= Data supplied =
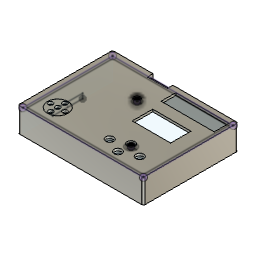
SmartDiskII 3D Case board v7 (Autodesk Fusion 360 design; units mm, degrees)
Autodesk Fusion 360 part; units mm, degrees
note: some values were not read from the file. Chosen so that the rebuilt part matches the saved one: which bodies a step acts on; which face or edge a step refers to. Set by a fixed rule: which sketch regions a step uses.
sketch "Sketch1" plane through (0, 0, 0) normal (0, 0, 1) x (1, 0, 0)
  line L0 (0, 0) -> (76.3, 0)
  line L1 (76.3, 0) -> (76.3, 56.8)
  line L2 (76.3, 56.8) -> (0, 56.8)
  line L3 (0, 56.8) -> (0, 0)
  line L4 (77.8, 58.3) -> (-1.5, 58.3)
  line L5 (-1.5, 58.3) -> (-1.5, -1.5)
  line L6 (-1.5, -1.5) -> (77.8, -1.5)
  line L7 (77.8, -1.5) -> (77.8, 58.3)
  line L8 (2.9, 56.8) -> (2.9, 58.3)
  line L9 (17.8, 56.8) -> (17.8, 58.3)
  line L10 (25.6, 56.8) -> (25.6, 58.3)
  line L11 (35.2, 58.3) -> (35.2, 56.8)
  line L12 (75.3, 58.3) -> (75.3, 56.8)
  line L13 (42.6, 58.3) -> (42.6, 56.8)
  line L14 (43.4, 38.8) -> (67.6, 38.8)
  line L15 (67.6, 38.8) -> (67.6, 25.9)
  line L16 (67.6, 25.9) -> (43.4, 25.9)
  line L17 (43.4, 25.9) -> (43.4, 38.8)
  circle A0 centre (65.2, 8.8) radius 2.5
  circle A1 centre (46.2, 8.8) radius 2.5
  circle A2 centre (55.6, 4.6) radius 2.5
  circle A3 centre (55.6, 12.9) radius 2.5
  line L18 (41.7, 55.2) -> (75.3, 55.2)
  line L19 (75.3, 55.2) -> (75.3, 45.8)
  line L20 (75.3, 45.8) -> (41.7, 45.8)
  line L21 (41.7, 45.8) -> (41.7, 55.2)
  line L22 (25.6, 56.8) -> (35.2, 56.8)
  line L23 (35.2, 56.8) -> (35.2, 47.1)
  line L24 (35.2, 47.1) -> (25.6, 47.1)
  line L25 (25.6, 47.1) -> (25.6, 56.8)
  line L26 (25.6, 42.9) -> (35.2, 42.9)
  line L27 (35.2, 42.9) -> (35.2, 36.4)
  line L28 (35.2, 36.4) -> (25.6, 36.4)
  line L29 (25.6, 36.4) -> (25.6, 42.9)
  circle A4 centre (12.4, 9.7) radius 6.5
  line L30 (25.6, 16.35) -> (30.6, 16.35)
  line L31 (30.6, 16.35) -> (30.6, 9.85)
  line L32 (30.6, 9.85) -> (25.6, 9.85)
  line L33 (25.6, 9.85) -> (25.6, 16.35)
  circle A5 centre (12, 20.2) radius 2.25
  circle A6 centre (12.4, 37.5) radius 2.25
  circle A7 centre (72.3819, 43.55) radius 1.75
  circle A8 centre (3.8963, 4.2747) radius 2.5
  circle A9 centre (72.3819, 8.8) radius 2.5
  line L34 (47.4, 40.3) -> (63.6, 40.3)
  line L35 (63.6, 40.3) -> (63.6, 44.3)
  line L36 (63.6, 44.3) -> (47.4, 44.3)
  line L37 (47.4, 44.3) -> (47.4, 40.3)
  line L38 (24.1, 58.3) -> (36.7, 58.3)
  line L39 (36.7, 58.3) -> (36.7, 56.8)
  line L40 (36.7, 56.8) -> (24.1, 56.8)
  line L41 (24.1, 56.8) -> (24.1, 58.3)
  line L42 (30.1, 42.9) -> (30.1, 36.4)
  line L43 (30.1, 36.4) -> (35.2, 42.9) construction
  line L44 (30.1, 42.9) -> (35.2, 36.4) construction
  circle A10 centre (32.65, 39.65) radius 2
  circle A11 centre (55.6, 12.9) radius 3.4
  circle A12 centre (55.6, 12.9) radius 4.15
  circle A13 centre (55.6, 4.6) radius 3.4
  circle A14 centre (55.6, 4.6) radius 4.15
  circle A15 centre (46.2, 8.8) radius 3.4
  circle A16 centre (46.2, 8.8) radius 4.15
  circle A17 centre (65.2, 8.8) radius 3.4
  circle A18 centre (65.2, 8.8) radius 4.15
  circle A19 centre (32.65, 39.65) radius 2.65
  circle A20 centre (32.65, 39.65) radius 3.4
  line L45 (12.4, 9.7) -> (12.4, 16.2) construction
  line L46 (12.4, 9.7) -> (18.9, 9.7) construction
  line L47 (12.4, 9.7) -> (12.4, 3.2) construction
  line L48 (12.4, 9.7) -> (5.9, 9.7) construction
  circle A21 centre (12.4, 9.7) radius 1.5
  circle A22 centre (12.4, 5.2) radius 1.5
  circle A23 centre (7.9, 9.7) radius 1.5
  circle A24 centre (16.9, 9.7) radius 1.5
  circle A25 centre (12.4, 14.2) radius 1.5
  dimension "d5" = 76.3
  dimension "d6" = 56.8
  dimension "d8" = 1.5
  dimension "d9" = 2.9
  dimension "d10" = 17.8
  dimension "d11" = 25.6
  dimension "d12" = 35.2
  dimension "d13" = 75.3
  dimension "d14" = 42.6
  dimension "d15" = 8.7
  dimension "d16" = 24.2
  dimension "d17" = 12.9
  dimension "d18" = 25.9
  dimension "d19" = 5
  dimension "d20" = 8.8
  dimension "d21" = 11.1
  dimension "d22" = 5
  dimension "d23" = 30.1
  dimension "d24" = 5
  dimension "d25" = 4.6
  dimension "d26" = 20.7
  dimension "d27" = 5
  dimension "d28" = 12.9
  dimension "d39" = 9.4
  dimension "d40" = 1.6
  dimension "d43" = 8.8
  dimension "d44" = 1
  dimension "d45" = 33.6
  dimension "d46" = 20.7
  dimension "d47" = 9.7
  dimension "d48" = 6.5
  dimension "d50" = 13.9
  dimension "d53" = 13
  dimension "d54" = 12.4
  dimension "d55" = 9.7
  dimension "d58" = 9.85
  dimension "d59" = 6.5
  dimension "d60" = 5
  dimension "d67" = 4.5
  dimension "d68" = 4.5
  dimension "d69" = 19.3
  dimension "d70" = 20.2
  dimension "d71" = 3.5
  dimension "d72" = 5
  dimension "d73" = 13.25
  dimension "d74" = 5
  dimension "d86" = 4
  dimension "d87" = 4
  dimension "d88" = 1.5
  dimension "d89" = 1.5
  dimension "d92" = 12.6
  dimension "d93" = 1.5
  dimension "d94" = 1.5
  dimension "d113" = 4.5
  dimension "d135" = 4
  dimension "d202" = 6.8
  dimension "d203" = 8.3
  dimension "d204" = 6.8
  dimension "d205" = 8.3
  dimension "d206" = 6.8
  dimension "d207" = 8.3
  dimension "d208" = 6.8
  dimension "d209" = 8.3
  dimension "d212" = 5.3
  dimension "d213" = 6.8
  dimension "d217" = 3
  dimension "d218" = 3
  dimension "d219" = 2
  dimension "d220" = 3
  dimension "d221" = 2
  dimension "d222" = 3
  dimension "d223" = 2
  dimension "d224" = 3
  dimension "d225" = 2
  dimension "d228" = 12
  constraint horizontal L0
  constraint vertical L1
  constraint horizontal L2
  constraint vertical L3
  constraint coincident L0.start L3.end
  constraint coincident L2 L8.start
  constraint coincident L4 L8.end
  constraint perpendicular L4 L8
  constraint coincident L2 L9.start
  constraint coincident L4 L9.end
  constraint perpendicular L4 L9
  constraint coincident L2 L10.start
  constraint coincident L4 L10.end
  constraint perpendicular L4 L10
  constraint coincident L4 L11.start
  constraint coincident L2 L11.end
  constraint perpendicular L2 L11
  constraint coincident L4 L12.start
  constraint coincident L2 L12.end
  constraint perpendicular L2 L12
  constraint coincident L4 L13.start
  constraint coincident L2 L13.end
  constraint perpendicular L2 L13
  constraint horizontal L14
  constraint vertical L15
  constraint horizontal L16
  constraint vertical L17
  constraint horizontal L18
  constraint vertical L19
  constraint horizontal L20
  constraint vertical L21
  constraint horizontal L22
  constraint vertical L23
  constraint horizontal L24
  constraint vertical L25
  constraint horizontal L26
  constraint vertical L27
  constraint horizontal L28
  constraint vertical L29
  constraint horizontal L30
  constraint vertical L31
  constraint horizontal L32
  constraint vertical L33
  constraint collinear L29 L33
  constraint horizontal L34
  constraint vertical L35
  constraint horizontal L36
  constraint vertical L37
  constraint horizontal L38
  constraint vertical L39
  constraint horizontal L40
  constraint vertical L41
  constraint coincident L4 L38.start
  constraint coincident L26 L42.start
  constraint coincident L28 L42.end
  constraint perpendicular L28 L42
  constraint midpoint L44 A10.centre
  constraint concentric A3 A11
  constraint concentric A3 A12
  constraint concentric A2 A13
  constraint concentric A13 A14
  constraint concentric A1 A15
  constraint concentric A1 A16
  constraint concentric A0 A17
  constraint concentric A0 A18
  constraint concentric A10 A19
  constraint concentric A10 A20
  constraint coincident A4.centre L45.start
  constraint coincident A4 L45.end
  constraint vertical L45
  constraint coincident A4 L46.end
  constraint perpendicular L45 L46
  constraint coincident A4 L47.end
  constraint perpendicular L46 L47
  constraint coincident A4 L48.end
  constraint perpendicular L47 L48
  constraint concentric A4 A21
  constraint coincident L47 A22.centre
  constraint coincident L48 A23.centre
  constraint coincident L46 A24.centre
  constraint coincident L45 A25.centre
  measures "d5" distance of L0.start L0.end
  measures "d6" distance of L0.start L2.end
  measures "d9" distance of L3 L8
  measures "d10" distance of L3 L9
  measures "d11" distance of L3 L10
  measures "d12" distance of L3 L11
  measures "d13" distance of L3 L12
  measures "d14" distance of L3 L13
  measures "d15" distance of L1 L15
  measures "d16" distance of L15 L17
  measures "d17" distance of L14 L16
  measures "d18" distance of L0 L16
  measures "d19" diameter of A0
  measures "d20" distance of L0 A0.centre
  measures "d21" distance of L1 A0.centre
  measures "d22" diameter of A1
  measures "d23" distance of L1 A1.centre
  measures "d24" diameter of A2
  measures "d25" distance of L0 A2.centre
  measures "d26" distance of L1 A2.centre
  measures "d27" diameter of A3
  measures "d28" distance of L0 A3.centre
  measures "d39" distance of L18.start L20.end
  measures "d40" distance of L2 L18
  measures "d43" distance of L0 A1.centre
  measures "d44" distance of L1 L19
  measures "d45" distance of L19 L21
  measures "d46" distance of L1 A3.centre
  measures "d47" distance of L10.start L24.end
  measures "d48" distance of L26.start L28.end
  measures "d50" distance of L2 L26
  measures "d53" diameter of A4
  measures "d54" distance of L3 A4.centre
  measures "d55" distance of L0 A4.centre
  measures "d58" distance of L0 L32
  measures "d59" distance of L30 L32
  measures "d60" distance of L31 L33
  measures "d67" diameter of A5
  measures "d68" diameter of A6
  measures "d69" distance of L2 A6.centre
  measures "d70" distance of L0 A5.centre
  measures "d71" diameter of A7
  measures "d72" diameter of A8
  measures "d73" distance of L2 A7.centre
  measures "d74" diameter of A9
  measures "d86" distance of L17 L37
  measures "d87" distance of L15 L35
  measures "d88" distance of L20 L36
  measures "d89" distance of L14 L34
  measures "d92" distance of L38.start L38.end
  measures "d93" distance of L10 L41
  measures "d94" distance of L11 L39
  measures "d113" distance of L29 L42
  measures "d135" diameter of A10
  measures "d202" diameter of A11
  measures "d203" diameter of A12
  measures "d204" diameter of A13
  measures "d205" diameter of A14
  measures "d206" diameter of A15
  measures "d207" diameter of A16
  measures "d208" diameter of A17
  measures "d209" diameter of A18
  measures "d212" diameter of A19
  measures "d213" diameter of A20
  measures "d217" diameter of A21
  measures "d218" diameter of A22
  measures "d219" distance of L47.end A22.centre
  measures "d220" diameter of A23
  measures "d221" distance of L48.end A23.centre
  measures "d222" diameter of A24
  measures "d223" distance of L46.end A24.centre
  measures "d224" diameter of A25
  measures "d225" distance of L45.end A25.centre
  measures "d228" distance of L3 A5.centre
extrude "Extrude1" add sketch "Sketch1" along normal blind 1.5 contours L0 L1 L2 L3 L23 L24 L25 L40 | L2 L22 L23 L24 L25 L40 | L18 L19 L20 L21 | L26 L28 L29 L42 A20 | L26 L42 A20 | L26 A20 | L26 L27 L42 A19 A20 | L42 A19 A20 | L28 L42 A20 | L26 L27 A20 | L27 L42 A19 | L42 A19 | L27 L28 L42 A19 A20 | L28 A20 | L27 A19 A20 | L27 A19 | L27 L28 A20 | A4 | L30 L31 L32 L33 | A5 | A6 | A7 | A8 | A9 | L34 L35 L36 L37 | A10 | A11 | A12 | A14 | A13 | A15 | A16 | A17 | A18 | A21 | A22 | A23 | A24 | A25 makes body 1
extrude "Extrude2" add sketch "Sketch1" against normal blind 10 contours L0 L1 L2 L3 L4 L5 L6 L7 L8 L12 | L2 L4 L12 L13 | L2 L4 L9 L41 | L2 L4 L13 L39 | L2 L4 L10 L38 L40 L41 | L2 L4 L11 L38 L39 L40 bodies 1
extrude "Extrude3" add sketch "Sketch1" along normal blind 1.5 separate body contours L0 L1 L2 L3 L4 L5 L6 L7 L8 L12 | L2 L4 L8 L9 | L2 L4 L12 L13 | L2 L4 L9 L41 | L2 L4 L13 L39 | L2 L4 L10 L38 L40 L41 | L2 L4 L11 L38 L39 L40 | L2 L4 L10 L11 L22 L38 L40 makes body 2
extrude "Extrude4" cut sketch "Sketch1" along normal blind 1.5 contours L18 L19 L20 L21 bodies 1
extrude "Extrude5" cut sketch "Sketch1" along normal blind 3 contours L2 L4 L10 L11 L22 L38 L40 | L2 L22 L23 L24 L25 L40 | L26 L28 L29 L42 A20 | L26 L42 A20 | L26 L27 L42 A19 A20 | L42 A19 A20 | L28 L42 A20 | L26 L27 A20 | L27 L42 A19 | L42 A19 | L27 L28 L42 A19 A20 | L27 L28 A20 | A4 | L30 L31 L32 L33 | A10 | A21 | A22 | A23 | A24 | A25 bodies 1 2
sketch "Sketch2" plane through (0, 0, 0) normal (0, 0, 1) x (1, 0, 0)
  circle A0 centre (55.6, 12.9) radius 2.35
  circle A1 centre (55.6, 12.9) radius 3.25
  line L0 (1.5, 1.5) -> (74.8, 1.5)
  line L1 (74.8, 1.5) -> (74.8, 55.3)
  line L2 (74.8, 55.3) -> (1.5, 55.3)
  line L3 (1.5, 55.3) -> (1.5, 1.5)
  line L4 (0, 56.8) -> (0, 0)
  line L5 (0, 0) -> (76.3, 0)
  line L6 (76.3, 0) -> (76.3, 56.8)
  line L7 (76.3, 56.8) -> (0, 56.8)
  line L8 (76.2, 0.1) -> (0.1, 0.1)
  line L9 (0.1, 0.1) -> (0.1, 56.7)
  line L10 (0.1, 56.7) -> (76.2, 56.7)
  line L11 (76.2, 56.7) -> (76.2, 0.1)
  circle A2 centre (32.65, 39.65) radius 2.5
  circle A3 centre (32.65, 39.65) radius 1.75
  point P0 (55.6, 12.9)
  point P1 (32.65, 39.65)
  dimension "d61" = 4.7
  dimension "d62" = 6.5
  dimension "d101" = 1.5
  dimension "d102" = 1.5
  dimension "d103" = 1.5
  dimension "d104" = 1.5
  dimension "d121" = 0.1
  dimension "d122" = 0.1
  dimension "d123" = 0.1
  dimension "d124" = 0.1
  dimension "d136" = 5
  dimension "d137" = 3.5
  constraint coincident P0 A0.centre
  constraint horizontal L0
  constraint vertical L1
  constraint horizontal L2
  constraint vertical L3
  constraint horizontal L8
  constraint vertical L9
  constraint horizontal L10
  constraint vertical L11
  constraint coincident P1 A2.centre
  constraint concentric A2 A3
  measures "d61" diameter of A0
  measures "d62" diameter of A1
  measures "d101" distance of L3 L4
  measures "d102" distance of L0 L5
  measures "d103" distance of L1 L6
  measures "d104" distance of L2 L7
  measures "d121" distance of L7 L10
  measures "d122" distance of L6 L11
  measures "d123" distance of L5 L8
  measures "d124" distance of L4 L9
  measures "d136" diameter of A2
  measures "d137" diameter of A3
extrude "Extrude7" add sketch "Sketch2" along normal blind 1.7 separate body contours A1 makes body 3
extrude "Extrude8" add sketch "Sketch2" along normal blind 4 contours A0 bodies 3
extrude "Extrude9" add sketch "Sketch1" against normal blind 6.9 separate body contours A5 | A6 | A7 | A8 | A9 makes body 4 at (6.3932, 4.15, -4.6) makes body 5 at (14.6472, 37.3878, -4.6) makes body 6 at (73.9944, 42.8702, -4.6) makes body 7 at (14.2472, 20.0878, -4.6) makes body 8 at (74.8788, 8.6754, -4.6)
combine "Combine1" operation add target body 4 tool bodies 7 5 6 8 makes body 9 at (14.2472, 20.0878, -4.6) makes body 10 at (73.9944, 42.8702, -4.6) makes body 11 at (14.6472, 37.3878, -4.6) makes body 12 at (74.8788, 8.6754, -4.6)
extrude "Extrude10" add sketch "Sketch1" against normal blind 5 contours L2 L4 L8 L9 bodies 1 3 2
extrude "Extrude11" add 2 faces at (25.4333, -1, -10) (23, 57.3, -10) along direction (0, 0, -1) blind 4 on bodies 1 bodies 1
extrude "Extrude12" add sketch "Sketch1" along normal blind 0.75 from surface at 0.75 contours L2 L22 L23 L24 L25 L40 | L30 L31 L32 L33 bodies 1
extrude "Extrude13" cut 1 faces at (32, 56.8, 1) along direction (0, -1, 0) blind 2 on bodies 1 bodies 1
extrude "Extrude14" cut sketch "Sketch1" along normal blind 0.75 contours L34 L35 L36 L37 bodies 1
extrude "Extrude15" cut sketch "Sketch1" along normal blind 1.5 contours L2 L4 L10 L38 L40 L41 | L2 L4 L11 L38 L39 L40 bodies 1
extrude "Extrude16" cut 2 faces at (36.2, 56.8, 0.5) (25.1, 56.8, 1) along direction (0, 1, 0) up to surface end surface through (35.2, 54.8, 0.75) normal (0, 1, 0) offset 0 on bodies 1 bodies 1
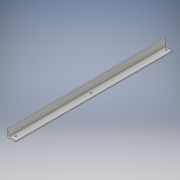
# Autodesk Inventor part: Part2
Saved by Autodesk Inventor 2017 (Build 210142000, 142)
## iProperties
Created: 2018-10-17
Part Number: Part2
Material: Generic
Document SubType Name: Modeling
Designer: ddeboer
Density: 1 g/cm^3
Appearance: Default
Author: ddeboer
Autodesk Inventor part; units mm, degrees
ref_plane "YZ Plane" through (0, 0, 0) normal (1, 0, 0) x (0, 1, 0)
ref_plane "XZ Plane" through (0, 0, 0) normal (0, 1, 0) x (-1, 0, 0)
ref_plane "XY Plane" through (0, 0, 0) normal (0, 0, 1) x (1, 0, 0)
sketch "Sketch1" plane through (0, 0, 0) normal (0, 0, 1) x (1, 0, 0)
  line L0 (0, 25.4) -> (0, 1.778)
  line L1 (1.778, 0) -> (25.4, 0)
  line L2 (3.175, 25.4) -> (3.175, 4.953)
  line L3 (4.953, 3.175) -> (25.4, 3.175)
  line L4 (0, 25.4) -> (3.175, 25.4)
  line L5 (25.4, 3.175) -> (25.4, 0)
  arc A0 (3.175, 4.953) -> (4.953, 3.175) centre (4.953, 4.953) ccw
  arc A1 (0, 1.778) -> (1.778, 0) centre (1.778, 1.778) ccw
  point P0 (0, 0)
  point P1 (3.175, 3.175)
  dimension "d0" = 25.4
  dimension "d1" = 25.4
  dimension "d2" = 3.175
  dimension "d21" = 1.778
  constraints: 12 end point, 4 point on circle, 4 point on line, 4 tangent, 2 centre point, 2 perpendicular, 2 vertical, 1 equal radius, 1 horizontal, 1 other
  measures "d0" distance of L0.start point (0, 0)
  measures "d1" distance of point (0, 0) L1.end
  measures "d2" distance between parallel lines of L2 L0
  measures "d21" radius of A0
extrude "Extrusion1" add sketch "Sketch1" along normal blind 495.3
sketch "Sketch2" plane through (3.175, 3.175, 0) normal (0, 1, 0) x (1, 0, 0)
  circle A0 centre (9.525, -482.6) radius 2.8398
  line L0 (22.225, -495.3) -> (1.778, -495.3) projected
  line L1 (22.225, 0) -> (22.225, -495.3) projected
  circle A1 centre (9.525, -6.35) radius 2.8398
  point P0 (-3.175, 0)
  point P1 (0, -501.65)
  point P2 (1.778, -495.3)
  dimension "d5" = 12.7
  dimension "d6" = 12.7
  dimension "d9" = 476.25
  constraints: 2 centre point, 1 vertical, 3 other
  measures "d6" distance from line of A0.centre L1
  measures "d9" distance of A0.centre A1.centre
hole "Hole1" at (12.7, 3.175, 482.6) at (12.7, 3.175, 6.35) direction (0, -1, 0) diameter 5.1054 depth 25.4 tip angle 118 clearance for "Flat Head Machine Screw (82)" size "#10" standard "Ansi Unified Screw Threads"
sketch "Sketch5" plane through (4.953, 3.175, 0) normal (0, 1, 0) x (1, 0, 0)
  circle A0 centre (7.747, -482.6) radius 2.5527 projected
  circle A1 centre (7.747, -6.35) radius 2.5527 projected
  line L0 (7.747, -482.6) -> (7.747, -6.35) construction
  circle A2 centre (7.747, -244.475) radius 2.5527
  point P0 (-4.953, 0)
  constraints: 2 end point, 1 centre point, 1 midpoint, 1 vertical
hole "Hole2" at (12.7, 3.175, 244.475) direction (0, -1, 0) diameter 5.1054 depth 25.4 tip angle 118 clearance for "Flat Head Machine Screw (82)" size "#10" standard "Ansi Unified Screw Threads"
body "Solid1"

= Task objective =
From the entries above, write out only the lines starting at the line that holds "diameter of A19" and ending at the line that holds "of L45.end A25.centre", keeping both and matching them exactly.

= Exercise output =
  measures "d212" diameter of A19
  measures "d213" diameter of A20
  measures "d217" diameter of A21
  measures "d218" diameter of A22
  measures "d219" distance of L47.end A22.centre
  measures "d220" diameter of A23
  measures "d221" distance of L48.end A23.centre
  measures "d222" diameter of A24
  measures "d223" distance of L46.end A24.centre
  measures "d224" diameter of A25
  measures "d225" distance of L45.end A25.centre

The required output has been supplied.